* **Problem description**: Restate verbatim the span of lines below between the line with "#18=AXIS2_PLACEMENT_3D('',#15,#16,#17);" and the line with "#49=ORIENTED_EDGE('',*,*,#48,.T.);", including those two lines, and only that span.

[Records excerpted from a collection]
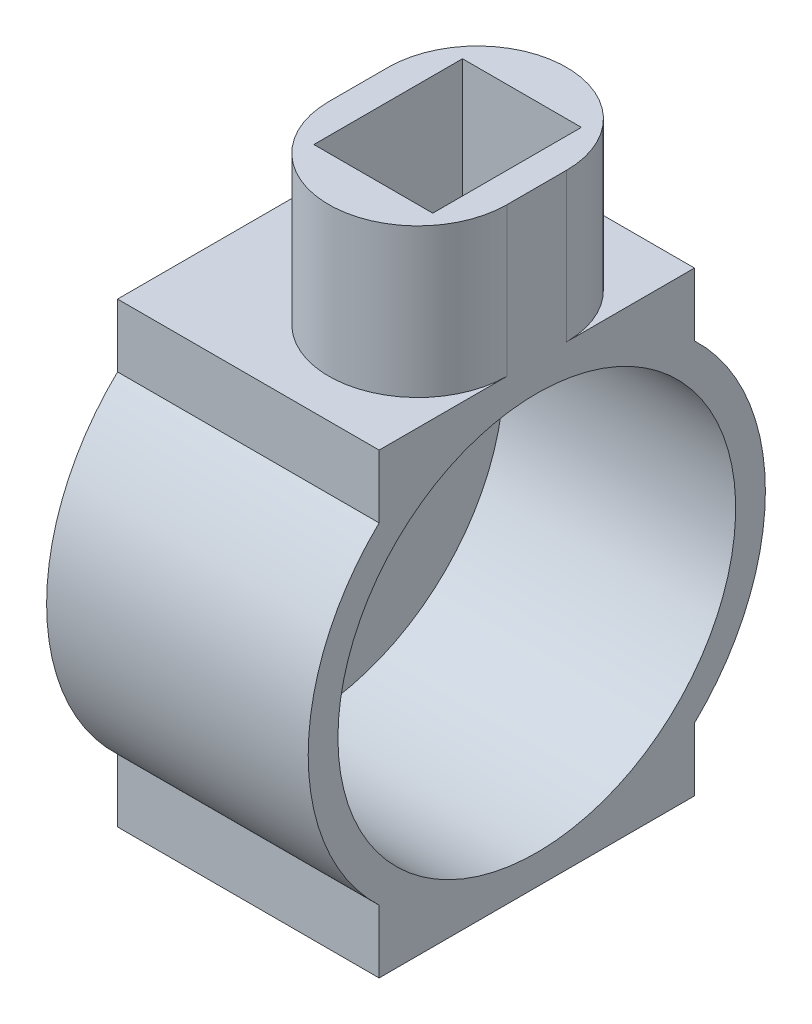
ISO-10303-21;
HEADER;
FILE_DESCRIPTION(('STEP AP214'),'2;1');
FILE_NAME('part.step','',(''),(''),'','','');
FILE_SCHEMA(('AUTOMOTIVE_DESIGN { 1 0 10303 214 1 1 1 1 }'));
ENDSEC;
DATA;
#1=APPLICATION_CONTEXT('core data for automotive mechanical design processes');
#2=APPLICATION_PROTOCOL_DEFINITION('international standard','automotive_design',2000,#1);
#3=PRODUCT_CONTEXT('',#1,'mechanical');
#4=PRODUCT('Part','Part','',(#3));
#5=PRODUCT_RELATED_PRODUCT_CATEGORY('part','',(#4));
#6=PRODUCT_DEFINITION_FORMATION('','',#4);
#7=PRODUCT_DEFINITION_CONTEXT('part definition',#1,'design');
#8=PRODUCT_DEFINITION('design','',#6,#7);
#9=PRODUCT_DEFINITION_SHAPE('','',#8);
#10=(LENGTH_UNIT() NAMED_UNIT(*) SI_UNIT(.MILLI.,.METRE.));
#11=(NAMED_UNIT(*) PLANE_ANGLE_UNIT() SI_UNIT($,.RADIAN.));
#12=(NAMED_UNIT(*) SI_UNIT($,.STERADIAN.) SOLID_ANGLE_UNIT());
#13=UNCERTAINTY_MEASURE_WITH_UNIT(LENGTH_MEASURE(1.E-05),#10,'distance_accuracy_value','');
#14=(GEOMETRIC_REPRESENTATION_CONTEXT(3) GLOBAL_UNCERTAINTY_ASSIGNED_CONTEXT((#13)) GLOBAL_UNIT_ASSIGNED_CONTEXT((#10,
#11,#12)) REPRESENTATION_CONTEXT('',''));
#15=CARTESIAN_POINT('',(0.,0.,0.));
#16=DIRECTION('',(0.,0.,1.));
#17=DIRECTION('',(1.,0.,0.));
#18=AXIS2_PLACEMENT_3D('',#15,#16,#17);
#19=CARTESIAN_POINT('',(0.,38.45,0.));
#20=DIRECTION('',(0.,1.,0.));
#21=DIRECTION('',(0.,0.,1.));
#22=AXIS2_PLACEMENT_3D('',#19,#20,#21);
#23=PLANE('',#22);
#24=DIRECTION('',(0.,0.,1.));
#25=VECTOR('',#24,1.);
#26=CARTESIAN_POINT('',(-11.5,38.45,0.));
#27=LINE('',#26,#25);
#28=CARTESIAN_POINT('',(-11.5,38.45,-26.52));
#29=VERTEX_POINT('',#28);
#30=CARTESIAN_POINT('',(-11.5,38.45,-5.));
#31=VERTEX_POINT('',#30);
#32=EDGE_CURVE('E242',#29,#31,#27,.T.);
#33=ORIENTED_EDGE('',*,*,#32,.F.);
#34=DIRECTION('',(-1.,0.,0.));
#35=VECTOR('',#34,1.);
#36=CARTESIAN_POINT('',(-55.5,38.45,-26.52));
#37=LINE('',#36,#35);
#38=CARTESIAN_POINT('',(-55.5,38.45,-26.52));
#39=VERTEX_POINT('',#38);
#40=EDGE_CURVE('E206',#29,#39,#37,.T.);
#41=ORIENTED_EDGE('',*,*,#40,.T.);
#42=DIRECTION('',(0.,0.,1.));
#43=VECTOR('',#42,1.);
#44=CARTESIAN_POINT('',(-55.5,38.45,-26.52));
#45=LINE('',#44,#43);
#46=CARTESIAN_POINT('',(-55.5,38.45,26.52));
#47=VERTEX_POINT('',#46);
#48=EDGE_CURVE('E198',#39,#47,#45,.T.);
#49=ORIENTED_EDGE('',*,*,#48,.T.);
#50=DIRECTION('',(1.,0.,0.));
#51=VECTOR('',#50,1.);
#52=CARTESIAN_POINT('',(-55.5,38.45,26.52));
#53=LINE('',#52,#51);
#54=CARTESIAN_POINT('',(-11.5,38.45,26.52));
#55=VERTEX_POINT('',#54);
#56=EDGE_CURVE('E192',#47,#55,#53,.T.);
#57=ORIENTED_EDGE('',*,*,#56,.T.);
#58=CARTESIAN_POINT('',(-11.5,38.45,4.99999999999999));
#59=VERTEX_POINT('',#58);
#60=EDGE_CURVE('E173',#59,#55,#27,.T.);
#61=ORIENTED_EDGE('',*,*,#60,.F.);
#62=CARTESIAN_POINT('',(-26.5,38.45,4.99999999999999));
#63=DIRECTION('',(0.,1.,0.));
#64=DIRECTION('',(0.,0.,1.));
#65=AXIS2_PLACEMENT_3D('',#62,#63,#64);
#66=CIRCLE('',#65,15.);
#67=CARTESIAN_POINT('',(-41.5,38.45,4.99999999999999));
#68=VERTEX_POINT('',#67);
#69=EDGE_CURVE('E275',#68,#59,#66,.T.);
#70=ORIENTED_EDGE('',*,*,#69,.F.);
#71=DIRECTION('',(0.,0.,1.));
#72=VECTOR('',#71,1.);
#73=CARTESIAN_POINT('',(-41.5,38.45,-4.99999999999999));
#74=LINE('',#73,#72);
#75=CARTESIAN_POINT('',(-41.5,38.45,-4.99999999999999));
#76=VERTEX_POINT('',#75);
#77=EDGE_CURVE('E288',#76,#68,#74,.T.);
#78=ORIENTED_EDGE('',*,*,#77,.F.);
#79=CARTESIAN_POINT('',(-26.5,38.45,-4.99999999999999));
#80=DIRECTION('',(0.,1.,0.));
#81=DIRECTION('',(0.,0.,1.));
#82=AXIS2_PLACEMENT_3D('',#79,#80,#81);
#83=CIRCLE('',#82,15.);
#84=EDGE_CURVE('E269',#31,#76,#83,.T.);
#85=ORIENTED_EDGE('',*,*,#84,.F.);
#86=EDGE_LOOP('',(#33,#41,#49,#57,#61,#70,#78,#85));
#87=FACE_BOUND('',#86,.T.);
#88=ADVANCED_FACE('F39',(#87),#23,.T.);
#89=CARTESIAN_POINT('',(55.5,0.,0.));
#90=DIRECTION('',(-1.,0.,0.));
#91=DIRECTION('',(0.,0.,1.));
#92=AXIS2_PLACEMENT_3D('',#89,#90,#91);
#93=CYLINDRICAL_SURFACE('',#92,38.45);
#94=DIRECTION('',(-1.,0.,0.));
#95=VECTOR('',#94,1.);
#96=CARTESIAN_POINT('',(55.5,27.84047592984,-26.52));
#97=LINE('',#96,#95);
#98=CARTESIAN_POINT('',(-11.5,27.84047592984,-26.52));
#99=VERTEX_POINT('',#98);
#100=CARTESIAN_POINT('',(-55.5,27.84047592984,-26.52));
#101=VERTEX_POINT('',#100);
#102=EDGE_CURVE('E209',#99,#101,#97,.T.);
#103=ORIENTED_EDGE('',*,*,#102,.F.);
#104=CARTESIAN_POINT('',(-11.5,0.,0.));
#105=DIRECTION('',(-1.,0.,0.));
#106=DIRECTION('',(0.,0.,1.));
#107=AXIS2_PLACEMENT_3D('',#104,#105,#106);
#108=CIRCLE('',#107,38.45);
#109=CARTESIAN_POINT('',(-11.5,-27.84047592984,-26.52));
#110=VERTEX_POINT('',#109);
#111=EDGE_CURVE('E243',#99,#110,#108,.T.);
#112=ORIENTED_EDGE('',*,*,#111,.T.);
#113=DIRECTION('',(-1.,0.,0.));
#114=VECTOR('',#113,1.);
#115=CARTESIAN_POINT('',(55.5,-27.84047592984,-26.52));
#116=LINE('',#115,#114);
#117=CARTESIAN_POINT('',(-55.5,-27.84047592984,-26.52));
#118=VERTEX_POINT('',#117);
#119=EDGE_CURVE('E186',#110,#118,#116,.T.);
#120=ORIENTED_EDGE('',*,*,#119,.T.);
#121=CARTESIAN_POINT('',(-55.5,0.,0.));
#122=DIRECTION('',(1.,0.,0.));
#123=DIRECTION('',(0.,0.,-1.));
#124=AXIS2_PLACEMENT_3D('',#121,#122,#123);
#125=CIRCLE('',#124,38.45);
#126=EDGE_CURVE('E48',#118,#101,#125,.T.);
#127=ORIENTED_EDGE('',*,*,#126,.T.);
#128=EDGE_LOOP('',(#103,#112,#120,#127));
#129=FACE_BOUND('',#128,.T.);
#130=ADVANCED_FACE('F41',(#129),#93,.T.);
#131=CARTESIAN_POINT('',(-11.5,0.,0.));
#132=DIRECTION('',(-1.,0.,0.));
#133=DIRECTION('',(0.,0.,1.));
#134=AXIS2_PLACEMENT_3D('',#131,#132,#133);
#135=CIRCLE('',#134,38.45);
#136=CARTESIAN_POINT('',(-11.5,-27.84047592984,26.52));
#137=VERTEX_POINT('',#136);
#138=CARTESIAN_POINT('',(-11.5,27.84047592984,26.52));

* **Reply to the exercise**:
#18=AXIS2_PLACEMENT_3D('',#15,#16,#17);
#19=CARTESIAN_POINT('',(0.,38.45,0.));
#20=DIRECTION('',(0.,1.,0.));
#21=DIRECTION('',(0.,0.,1.));
#22=AXIS2_PLACEMENT_3D('',#19,#20,#21);
#23=PLANE('',#22);
#24=DIRECTION('',(0.,0.,1.));
#25=VECTOR('',#24,1.);
#26=CARTESIAN_POINT('',(-11.5,38.45,0.));
#27=LINE('',#26,#25);
#28=CARTESIAN_POINT('',(-11.5,38.45,-26.52));
#29=VERTEX_POINT('',#28);
#30=CARTESIAN_POINT('',(-11.5,38.45,-5.));
#31=VERTEX_POINT('',#30);
#32=EDGE_CURVE('E242',#29,#31,#27,.T.);
#33=ORIENTED_EDGE('',*,*,#32,.F.);
#34=DIRECTION('',(-1.,0.,0.));
#35=VECTOR('',#34,1.);
#36=CARTESIAN_POINT('',(-55.5,38.45,-26.52));
#37=LINE('',#36,#35);
#38=CARTESIAN_POINT('',(-55.5,38.45,-26.52));
#39=VERTEX_POINT('',#38);
#40=EDGE_CURVE('E206',#29,#39,#37,.T.);
#41=ORIENTED_EDGE('',*,*,#40,.T.);
#42=DIRECTION('',(0.,0.,1.));
#43=VECTOR('',#42,1.);
#44=CARTESIAN_POINT('',(-55.5,38.45,-26.52));
#45=LINE('',#44,#43);
#46=CARTESIAN_POINT('',(-55.5,38.45,26.52));
#47=VERTEX_POINT('',#46);
#48=EDGE_CURVE('E198',#39,#47,#45,.T.);
#49=ORIENTED_EDGE('',*,*,#48,.T.);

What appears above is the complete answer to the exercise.